DATA SUPPLIED =>
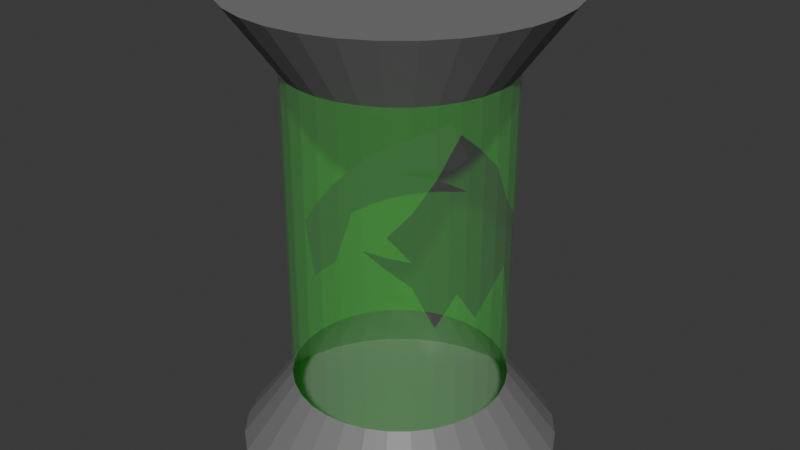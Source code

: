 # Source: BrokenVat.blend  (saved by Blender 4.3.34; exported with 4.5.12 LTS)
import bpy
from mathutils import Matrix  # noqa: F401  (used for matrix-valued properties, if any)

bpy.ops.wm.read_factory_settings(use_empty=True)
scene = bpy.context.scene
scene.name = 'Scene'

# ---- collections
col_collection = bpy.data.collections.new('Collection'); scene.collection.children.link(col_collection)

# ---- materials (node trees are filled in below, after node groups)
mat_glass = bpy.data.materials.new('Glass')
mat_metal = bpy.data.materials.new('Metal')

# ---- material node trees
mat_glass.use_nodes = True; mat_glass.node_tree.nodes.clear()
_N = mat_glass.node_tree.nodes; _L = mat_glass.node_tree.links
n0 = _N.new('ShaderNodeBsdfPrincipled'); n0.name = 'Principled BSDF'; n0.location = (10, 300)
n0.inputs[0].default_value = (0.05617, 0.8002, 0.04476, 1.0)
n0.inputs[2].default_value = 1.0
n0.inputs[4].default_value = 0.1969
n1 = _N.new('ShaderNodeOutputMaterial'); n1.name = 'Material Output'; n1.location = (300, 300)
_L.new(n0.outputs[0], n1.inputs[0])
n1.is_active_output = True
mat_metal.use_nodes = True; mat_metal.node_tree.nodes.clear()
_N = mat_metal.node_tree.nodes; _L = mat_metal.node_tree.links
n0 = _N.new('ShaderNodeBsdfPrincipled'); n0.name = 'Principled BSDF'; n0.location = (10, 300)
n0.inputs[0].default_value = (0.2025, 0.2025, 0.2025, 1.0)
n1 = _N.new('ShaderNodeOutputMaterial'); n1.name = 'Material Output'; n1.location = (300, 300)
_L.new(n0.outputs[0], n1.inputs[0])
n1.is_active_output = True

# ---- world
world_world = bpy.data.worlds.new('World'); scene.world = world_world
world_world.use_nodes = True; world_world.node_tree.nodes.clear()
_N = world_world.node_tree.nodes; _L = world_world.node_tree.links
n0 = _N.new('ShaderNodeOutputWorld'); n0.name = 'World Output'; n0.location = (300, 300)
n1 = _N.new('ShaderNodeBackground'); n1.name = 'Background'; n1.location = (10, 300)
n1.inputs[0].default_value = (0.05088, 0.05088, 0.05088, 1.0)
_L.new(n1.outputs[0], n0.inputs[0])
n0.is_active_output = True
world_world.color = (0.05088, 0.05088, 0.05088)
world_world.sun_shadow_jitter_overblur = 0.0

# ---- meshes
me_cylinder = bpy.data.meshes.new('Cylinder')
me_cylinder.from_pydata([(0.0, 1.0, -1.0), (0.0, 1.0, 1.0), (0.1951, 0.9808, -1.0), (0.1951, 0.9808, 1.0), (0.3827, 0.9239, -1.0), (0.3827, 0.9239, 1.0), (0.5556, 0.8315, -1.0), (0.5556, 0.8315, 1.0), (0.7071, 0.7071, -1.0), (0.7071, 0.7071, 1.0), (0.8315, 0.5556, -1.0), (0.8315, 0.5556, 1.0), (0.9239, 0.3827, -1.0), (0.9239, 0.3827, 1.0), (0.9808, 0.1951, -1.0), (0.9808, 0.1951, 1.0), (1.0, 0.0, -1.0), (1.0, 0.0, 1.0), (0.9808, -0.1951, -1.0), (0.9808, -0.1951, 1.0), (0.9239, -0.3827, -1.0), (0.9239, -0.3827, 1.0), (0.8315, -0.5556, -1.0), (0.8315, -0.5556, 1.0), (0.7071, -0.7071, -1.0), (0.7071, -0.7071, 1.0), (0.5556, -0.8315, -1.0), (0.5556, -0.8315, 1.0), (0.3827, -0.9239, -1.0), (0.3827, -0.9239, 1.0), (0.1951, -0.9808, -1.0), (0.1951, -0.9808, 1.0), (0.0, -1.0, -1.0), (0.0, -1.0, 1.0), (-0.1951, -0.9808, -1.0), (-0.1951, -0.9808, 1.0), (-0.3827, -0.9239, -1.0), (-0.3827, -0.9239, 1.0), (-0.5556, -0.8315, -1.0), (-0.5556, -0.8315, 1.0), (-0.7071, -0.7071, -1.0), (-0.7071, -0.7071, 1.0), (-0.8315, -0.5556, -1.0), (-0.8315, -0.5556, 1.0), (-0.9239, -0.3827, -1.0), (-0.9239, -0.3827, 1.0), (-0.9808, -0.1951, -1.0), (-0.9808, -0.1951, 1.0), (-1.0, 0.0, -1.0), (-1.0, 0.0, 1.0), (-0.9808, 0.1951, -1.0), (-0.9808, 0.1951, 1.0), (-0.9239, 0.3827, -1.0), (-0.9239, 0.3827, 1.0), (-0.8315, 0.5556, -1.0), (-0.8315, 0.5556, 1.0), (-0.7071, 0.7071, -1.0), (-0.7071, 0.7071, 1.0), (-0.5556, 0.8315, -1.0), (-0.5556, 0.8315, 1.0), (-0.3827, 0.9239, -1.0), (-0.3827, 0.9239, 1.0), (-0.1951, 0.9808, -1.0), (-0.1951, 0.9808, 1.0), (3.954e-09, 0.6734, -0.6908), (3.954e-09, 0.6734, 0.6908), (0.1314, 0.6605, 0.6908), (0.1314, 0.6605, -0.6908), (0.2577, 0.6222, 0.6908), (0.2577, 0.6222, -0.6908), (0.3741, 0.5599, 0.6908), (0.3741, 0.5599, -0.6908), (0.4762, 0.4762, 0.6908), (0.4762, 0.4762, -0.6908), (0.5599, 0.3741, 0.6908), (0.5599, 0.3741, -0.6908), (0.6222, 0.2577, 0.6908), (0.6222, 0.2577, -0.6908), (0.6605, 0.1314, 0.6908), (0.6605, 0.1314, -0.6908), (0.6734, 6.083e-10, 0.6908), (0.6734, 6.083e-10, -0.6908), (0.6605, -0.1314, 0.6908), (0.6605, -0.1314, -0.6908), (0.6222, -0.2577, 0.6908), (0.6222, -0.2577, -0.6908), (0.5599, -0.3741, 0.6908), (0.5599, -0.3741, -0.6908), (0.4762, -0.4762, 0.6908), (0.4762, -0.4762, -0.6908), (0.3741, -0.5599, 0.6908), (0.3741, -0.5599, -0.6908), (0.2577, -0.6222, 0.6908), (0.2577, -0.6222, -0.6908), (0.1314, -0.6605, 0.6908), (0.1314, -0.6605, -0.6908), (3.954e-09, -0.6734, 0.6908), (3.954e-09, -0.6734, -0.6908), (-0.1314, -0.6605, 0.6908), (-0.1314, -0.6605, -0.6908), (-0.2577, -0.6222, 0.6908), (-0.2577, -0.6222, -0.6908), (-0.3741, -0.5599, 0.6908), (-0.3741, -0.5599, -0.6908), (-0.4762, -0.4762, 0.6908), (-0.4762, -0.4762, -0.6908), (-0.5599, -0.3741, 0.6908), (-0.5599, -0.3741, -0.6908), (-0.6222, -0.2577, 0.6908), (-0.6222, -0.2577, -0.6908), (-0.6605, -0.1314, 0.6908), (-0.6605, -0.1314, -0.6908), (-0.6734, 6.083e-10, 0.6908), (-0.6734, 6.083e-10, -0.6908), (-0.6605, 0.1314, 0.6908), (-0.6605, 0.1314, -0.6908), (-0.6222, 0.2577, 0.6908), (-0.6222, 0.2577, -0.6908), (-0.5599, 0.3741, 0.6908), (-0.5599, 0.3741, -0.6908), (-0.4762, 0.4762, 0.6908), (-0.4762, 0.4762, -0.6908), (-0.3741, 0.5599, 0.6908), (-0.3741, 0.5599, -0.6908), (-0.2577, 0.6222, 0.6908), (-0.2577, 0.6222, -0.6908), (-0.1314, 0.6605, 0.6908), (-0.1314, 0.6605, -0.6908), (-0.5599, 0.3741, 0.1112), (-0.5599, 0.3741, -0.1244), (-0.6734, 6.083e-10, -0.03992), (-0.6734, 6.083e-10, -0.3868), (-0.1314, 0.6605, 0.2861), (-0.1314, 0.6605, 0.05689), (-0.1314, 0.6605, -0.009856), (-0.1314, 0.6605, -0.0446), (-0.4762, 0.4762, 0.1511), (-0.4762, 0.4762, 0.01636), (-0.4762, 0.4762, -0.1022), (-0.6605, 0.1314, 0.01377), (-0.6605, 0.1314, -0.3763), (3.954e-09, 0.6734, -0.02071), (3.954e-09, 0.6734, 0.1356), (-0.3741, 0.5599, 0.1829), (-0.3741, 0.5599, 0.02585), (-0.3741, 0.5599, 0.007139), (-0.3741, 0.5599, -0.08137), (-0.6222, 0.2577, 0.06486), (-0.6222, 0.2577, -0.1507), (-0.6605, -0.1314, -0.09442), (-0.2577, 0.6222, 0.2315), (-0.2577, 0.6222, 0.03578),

TASK PROMPT => Find all lines in the records that hold the word "trees". Copy them.

RESPONSE TO THIS EXERCISE =>
# ---- materials (node trees are filled in below, after node groups)
# ---- material node trees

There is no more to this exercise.